### Records from a data collection

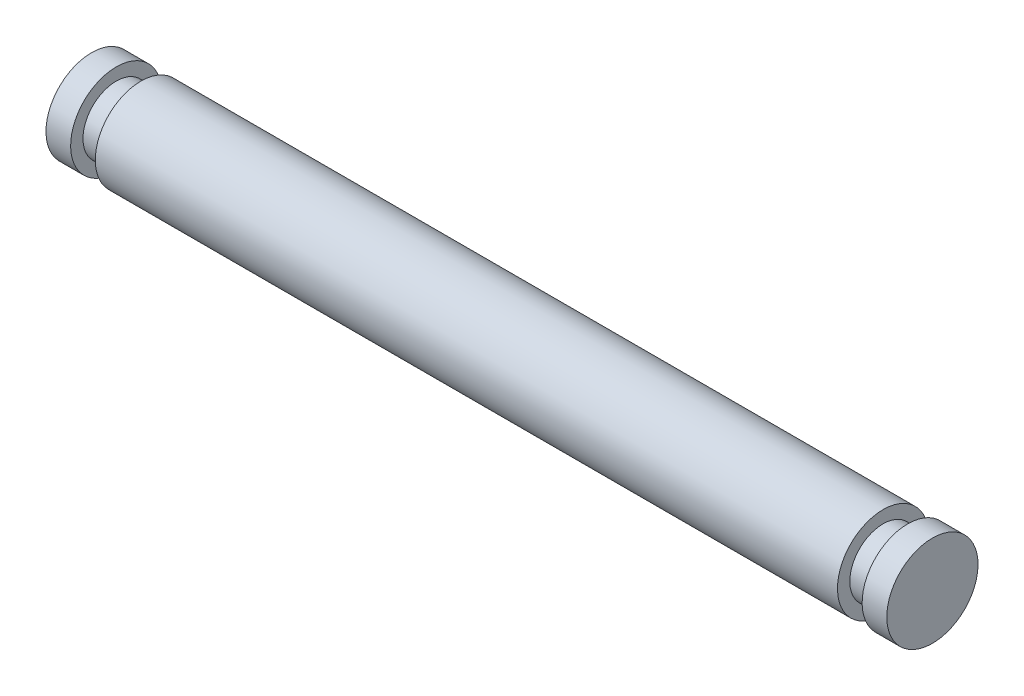
ISO-10303-21;
HEADER;
FILE_DESCRIPTION(('STEP AP214'),'2;1');
FILE_NAME('part.step','',(''),(''),'','','');
FILE_SCHEMA(('AUTOMOTIVE_DESIGN { 1 0 10303 214 1 1 1 1 }'));
ENDSEC;
DATA;
#1=APPLICATION_CONTEXT('core data for automotive mechanical design processes');
#2=APPLICATION_PROTOCOL_DEFINITION('international standard','automotive_design',2000,#1);
#3=PRODUCT_CONTEXT('',#1,'mechanical');
#4=PRODUCT('Part','Part','',(#3));
#5=PRODUCT_RELATED_PRODUCT_CATEGORY('part','',(#4));
#6=PRODUCT_DEFINITION_FORMATION('','',#4);
#7=PRODUCT_DEFINITION_CONTEXT('part definition',#1,'design');
#8=PRODUCT_DEFINITION('design','',#6,#7);
#9=PRODUCT_DEFINITION_SHAPE('','',#8);
#10=(LENGTH_UNIT() NAMED_UNIT(*) SI_UNIT(.MILLI.,.METRE.));
#11=(NAMED_UNIT(*) PLANE_ANGLE_UNIT() SI_UNIT($,.RADIAN.));
#12=(NAMED_UNIT(*) SI_UNIT($,.STERADIAN.) SOLID_ANGLE_UNIT());
#13=UNCERTAINTY_MEASURE_WITH_UNIT(LENGTH_MEASURE(1.E-05),#10,'distance_accuracy_value','');
#14=(GEOMETRIC_REPRESENTATION_CONTEXT(3) GLOBAL_UNCERTAINTY_ASSIGNED_CONTEXT((#13)) GLOBAL_UNIT_ASSIGNED_CONTEXT((#10,
#11,#12)) REPRESENTATION_CONTEXT('',''));
#15=CARTESIAN_POINT('',(0.,0.,0.));
#16=DIRECTION('',(0.,0.,1.));
#17=DIRECTION('',(1.,0.,0.));
#18=AXIS2_PLACEMENT_3D('',#15,#16,#17);
#19=CARTESIAN_POINT('',(-30.1,-1.,0.));
#20=DIRECTION('',(-1.,0.,0.));
#21=DIRECTION('',(0.,-1.,0.));
#22=AXIS2_PLACEMENT_3D('',#19,#20,#21);
#23=PLANE('',#22);
#24=CARTESIAN_POINT('',(-30.1,-3.7,0.));
#25=DIRECTION('',(1.,0.,0.));
#26=DIRECTION('',(0.,1.,0.));
#27=AXIS2_PLACEMENT_3D('',#24,#25,#26);
#28=CIRCLE('',#27,2.7);
#29=CARTESIAN_POINT('',(-30.1,-1.,0.));
#30=VERTEX_POINT('',#29);
#31=EDGE_CURVE('E80',#30,#30,#28,.T.);
#32=ORIENTED_EDGE('',*,*,#31,.T.);
#33=EDGE_LOOP('',(#32));
#34=FACE_BOUND('',#33,.T.);
#35=CARTESIAN_POINT('',(-30.1,-3.7,0.));
#36=DIRECTION('',(1.,0.,0.));
#37=DIRECTION('',(0.,1.,0.));
#38=AXIS2_PLACEMENT_3D('',#35,#36,#37);
#39=CIRCLE('',#38,3.7);
#40=CARTESIAN_POINT('',(-30.1,0.,0.));
#41=VERTEX_POINT('',#40);
#42=EDGE_CURVE('E10',#41,#41,#39,.T.);
#43=ORIENTED_EDGE('',*,*,#42,.F.);
#44=EDGE_LOOP('',(#43));
#45=FACE_BOUND('',#44,.T.);
#46=ADVANCED_FACE('F37',(#34,#45),#23,.T.);
#47=CARTESIAN_POINT('',(34.1,-3.69999999999999,0.));
#48=DIRECTION('',(1.,0.,0.));
#49=DIRECTION('',(0.,1.,0.));
#50=AXIS2_PLACEMENT_3D('',#47,#48,#49);
#51=CYLINDRICAL_SURFACE('',#50,3.7);
#52=ORIENTED_EDGE('',*,*,#42,.T.);
#53=EDGE_LOOP('',(#52));
#54=FACE_BOUND('',#53,.T.);
#55=CARTESIAN_POINT('',(30.1,-3.69999999999999,0.));
#56=DIRECTION('',(1.,0.,0.));
#57=DIRECTION('',(0.,1.,0.));
#58=AXIS2_PLACEMENT_3D('',#55,#56,#57);
#59=CIRCLE('',#58,3.7);
#60=CARTESIAN_POINT('',(30.1,0.,0.));
#61=VERTEX_POINT('',#60);
#62=EDGE_CURVE('E44',#61,#61,#59,.T.);
#63=ORIENTED_EDGE('',*,*,#62,.F.);
#64=EDGE_LOOP('',(#63));
#65=FACE_BOUND('',#64,.T.);
#66=ADVANCED_FACE('F99',(#54,#65),#51,.T.);
#67=CARTESIAN_POINT('',(30.1,0.,0.));
#68=DIRECTION('',(1.,0.,0.));
#69=DIRECTION('',(0.,1.,0.));
#70=AXIS2_PLACEMENT_3D('',#67,#68,#69);
#71=PLANE('',#70);
#72=ORIENTED_EDGE('',*,*,#62,.T.);
#73=EDGE_LOOP('',(#72));
#74=FACE_BOUND('',#73,.T.);
#75=CARTESIAN_POINT('',(30.1,-3.69999999999999,0.));
#76=DIRECTION('',(1.,0.,0.));
#77=DIRECTION('',(0.,1.,0.));
#78=AXIS2_PLACEMENT_3D('',#75,#76,#77);
#79=CIRCLE('',#78,2.7);
#80=CARTESIAN_POINT('',(30.1,-0.999999999999989,0.));
#81=VERTEX_POINT('',#80);
#82=EDGE_CURVE('E49',#81,#81,#79,.T.);
#83=ORIENTED_EDGE('',*,*,#82,.F.);
#84=EDGE_LOOP('',(#83));
#85=FACE_BOUND('',#84,.T.);
#86=ADVANCED_FACE('F103',(#74,#85),#71,.T.);
#87=CARTESIAN_POINT('',(34.1,-3.69999999999999,0.));
#88=DIRECTION('',(1.,0.,0.));
#89=DIRECTION('',(0.,1.,0.));
#90=AXIS2_PLACEMENT_3D('',#87,#88,#89);
#91=CYLINDRICAL_SURFACE('',#90,2.7);
#92=ORIENTED_EDGE('',*,*,#82,.T.);
#93=EDGE_LOOP('',(#92));
#94=FACE_BOUND('',#93,.T.);
#95=CARTESIAN_POINT('',(32.1,-3.69999999999999,0.));
#96=DIRECTION('',(1.,0.,0.));
#97=DIRECTION('',(0.,1.,0.));
#98=AXIS2_PLACEMENT_3D('',#95,#96,#97);
#99=CIRCLE('',#98,2.7);
#100=CARTESIAN_POINT('',(32.1,-0.999999999999988,0.));
#101=VERTEX_POINT('',#100);
#102=EDGE_CURVE('E54',#101,#101,#99,.T.);
#103=ORIENTED_EDGE('',*,*,#102,.F.);
#104=EDGE_LOOP('',(#103));
#105=FACE_BOUND('',#104,.T.);
#106=ADVANCED_FACE('F107',(#94,#105),#91,.T.);
#107=CARTESIAN_POINT('',(32.1,-0.999999999999988,0.));
#108=DIRECTION('',(-1.,0.,0.));
#109=DIRECTION('',(0.,-1.,0.));
#110=AXIS2_PLACEMENT_3D('',#107,#108,#109);
#111=PLANE('',#110);
#112=ORIENTED_EDGE('',*,*,#102,.T.);
#113=EDGE_LOOP('',(#112));
#114=FACE_BOUND('',#113,.T.);
#115=CARTESIAN_POINT('',(32.1,-3.69999999999999,0.));
#116=DIRECTION('',(1.,0.,0.));
#117=DIRECTION('',(0.,1.,0.));
#118=AXIS2_PLACEMENT_3D('',#115,#116,#117);
#119=CIRCLE('',#118,3.7);
#120=CARTESIAN_POINT('',(32.1,0.,0.));
#121=VERTEX_POINT('',#120);
#122=EDGE_CURVE('E60',#121,#121,#119,.T.);
#123=ORIENTED_EDGE('',*,*,#122,.F.);
#124=EDGE_LOOP('',(#123));
#125=FACE_BOUND('',#124,.T.);
#126=ADVANCED_FACE('F113',(#114,#125),#111,.T.);
#127=CARTESIAN_POINT('',(34.1,-3.69999999999999,0.));
#128=DIRECTION('',(1.,0.,0.));
#129=DIRECTION('',(0.,1.,0.));
#130=AXIS2_PLACEMENT_3D('',#127,#128,#129);
#131=CYLINDRICAL_SURFACE('',#130,3.7);
#132=ORIENTED_EDGE('',*,*,#122,.T.);
#133=EDGE_LOOP('',(#132));
#134=FACE_BOUND('',#133,.T.);
#135=CARTESIAN_POINT('',(34.1,-3.69999999999999,0.));
#136=DIRECTION('',(1.,0.,0.));
#137=DIRECTION('',(0.,1.,0.));
#138=AXIS2_PLACEMENT_3D('',#135,#136,#137);
#139=CIRCLE('',#138,3.7);
#140=CARTESIAN_POINT('',(34.1,0.,0.));
#141=VERTEX_POINT('',#140);
#142=EDGE_CURVE('E64',#141,#141,#139,.T.);
#143=ORIENTED_EDGE('',*,*,#142,.F.);
#144=EDGE_LOOP('',(#143));
#145=FACE_BOUND('',#144,.T.);
#146=ADVANCED_FACE('F117',(#134,#145),#131,.T.);
#147=CARTESIAN_POINT('',(34.1,0.,0.));
#148=DIRECTION('',(1.,0.,0.));
#149=DIRECTION('',(0.,1.,0.));
#150=AXIS2_PLACEMENT_3D('',#147,#148,#149);
#151=PLANE('',#150);
#152=ORIENTED_EDGE('',*,*,#142,.T.);
#153=EDGE_LOOP('',(#152));
#154=FACE_BOUND('',#153,.T.);
#155=ADVANCED_FACE('F121',(#154),#151,.T.);
#156=CARTESIAN_POINT('',(-34.1,-3.7,0.));
#157=DIRECTION('',(-1.,0.,0.));
#158=DIRECTION('',(0.,-1.,0.));
#159=AXIS2_PLACEMENT_3D('',#156,#157,#158);
#160=PLANE('',#159);
#161=CARTESIAN_POINT('',(-34.1,-3.7,0.));
#162=DIRECTION('',(1.,0.,0.));
#163=DIRECTION('',(0.,1.,0.));
#164=AXIS2_PLACEMENT_3D('',#161,#162,#163);
#165=CIRCLE('',#164,3.7);
#166=CARTESIAN_POINT('',(-34.1,0.,0.));
#167=VERTEX_POINT('',#166);
#168=EDGE_CURVE('E68',#167,#167,#165,.T.);
#169=ORIENTED_EDGE('',*,*,#168,.F.);
#170=EDGE_LOOP('',(#169));
#171=FACE_BOUND('',#170,.T.);
#172=ADVANCED_FACE('F125',(#171),#160,.T.);
#173=CARTESIAN_POINT('',(34.1,-3.69999999999999,0.));
#174=DIRECTION('',(1.,0.,0.));
#175=DIRECTION('',(0.,1.,0.));
#176=AXIS2_PLACEMENT_3D('',#173,#174,#175);
#177=CYLINDRICAL_SURFACE('',#176,3.7);
#178=ORIENTED_EDGE('',*,*,#168,.T.);
#179=EDGE_LOOP('',(#178));
#180=FACE_BOUND('',#179,.T.);
#181=CARTESIAN_POINT('',(-32.1,-3.7,0.));
#182=DIRECTION('',(1.,0.,0.));
#183=DIRECTION('',(0.,1.,0.));
#184=AXIS2_PLACEMENT_3D('',#181,#182,#183);
#185=CIRCLE('',#184,3.7);
#186=CARTESIAN_POINT('',(-32.1,0.,0.));
#187=VERTEX_POINT('',#186);
#188=EDGE_CURVE('E72',#187,#187,#185,.T.);
#189=ORIENTED_EDGE('',*,*,#188,.F.);
#190=EDGE_LOOP('',(#189));
#191=FACE_BOUND('',#190,.T.);
#192=ADVANCED_FACE('F95',(#180,#191),#177,.T.);
#193=CARTESIAN_POINT('',(-32.1,0.,0.));
#194=DIRECTION('',(1.,0.,0.));
#195=DIRECTION('',(0.,1.,0.));
#196=AXIS2_PLACEMENT_3D('',#193,#194,#195);
#197=PLANE('',#196);
#198=ORIENTED_EDGE('',*,*,#188,.T.);
#199=EDGE_LOOP('',(#198));
#200=FACE_BOUND('',#199,.T.);
#201=CARTESIAN_POINT('',(-32.1,-3.7,0.));
#202=DIRECTION('',(1.,0.,0.));
#203=DIRECTION('',(0.,1.,0.));
#204=AXIS2_PLACEMENT_3D('',#201,#202,#203);
#205=CIRCLE('',#204,2.7);
#206=CARTESIAN_POINT('',(-32.1,-1.,0.));
#207=VERTEX_POINT('',#206);
#208=EDGE_CURVE('E76',#207,#207,#205,.T.);
#209=ORIENTED_EDGE('',*,*,#208,.F.);
#210=EDGE_LOOP('',(#209));
#211=FACE_BOUND('',#210,.T.);
#212=ADVANCED_FACE('F89',(#200,#211),#197,.T.);
#213=CARTESIAN_POINT('',(34.1,-3.69999999999999,0.));
#214=DIRECTION('',(1.,0.,0.));
#215=DIRECTION('',(0.,1.,0.));
#216=AXIS2_PLACEMENT_3D('',#213,#214,#215);
#217=CYLINDRICAL_SURFACE('',#216,2.7);
#218=ORIENTED_EDGE('',*,*,#208,.T.);
#219=EDGE_LOOP('',(#218));
#220=FACE_BOUND('',#219,.T.);
#221=ORIENTED_EDGE('',*,*,#31,.F.);
#222=EDGE_LOOP('',(#221));
#223=FACE_BOUND('',#222,.T.);
#224=ADVANCED_FACE('F87',(#220,#223),#217,.T.);
#225=CLOSED_SHELL('',(#46,#66,#86,#106,#126,#146,#155,#172,#192,#212,#224));
#226=MANIFOLD_SOLID_BREP('B2',#225);
#227=ADVANCED_BREP_SHAPE_REPRESENTATION('',(#18,#226),#14);
#228=SHAPE_DEFINITION_REPRESENTATION(#9,#227);
ENDSEC;
END-ISO-10303-21;

### What needs to be done
What you give back must be the stretch above, starting at the line with "#138=AXIS2_PLACEMENT_3D('',#135,#136,#137);" and ending at the line with "#161=CARTESIAN_POINT('',(-34.1,-3.7,0.));", copied exactly.

### Your solution
#138=AXIS2_PLACEMENT_3D('',#135,#136,#137);
#139=CIRCLE('',#138,3.7);
#140=CARTESIAN_POINT('',(34.1,0.,0.));
#141=VERTEX_POINT('',#140);
#142=EDGE_CURVE('E64',#141,#141,#139,.T.);
#143=ORIENTED_EDGE('',*,*,#142,.F.);
#144=EDGE_LOOP('',(#143));
#145=FACE_BOUND('',#144,.T.);
#146=ADVANCED_FACE('F117',(#134,#145),#131,.T.);
#147=CARTESIAN_POINT('',(34.1,0.,0.));
#148=DIRECTION('',(1.,0.,0.));
#149=DIRECTION('',(0.,1.,0.));
#150=AXIS2_PLACEMENT_3D('',#147,#148,#149);
#151=PLANE('',#150);
#152=ORIENTED_EDGE('',*,*,#142,.T.);
#153=EDGE_LOOP('',(#152));
#154=FACE_BOUND('',#153,.T.);
#155=ADVANCED_FACE('F121',(#154),#151,.T.);
#156=CARTESIAN_POINT('',(-34.1,-3.7,0.));
#157=DIRECTION('',(-1.,0.,0.));
#158=DIRECTION('',(0.,-1.,0.));
#159=AXIS2_PLACEMENT_3D('',#156,#157,#158);
#160=PLANE('',#159);
#161=CARTESIAN_POINT('',(-34.1,-3.7,0.));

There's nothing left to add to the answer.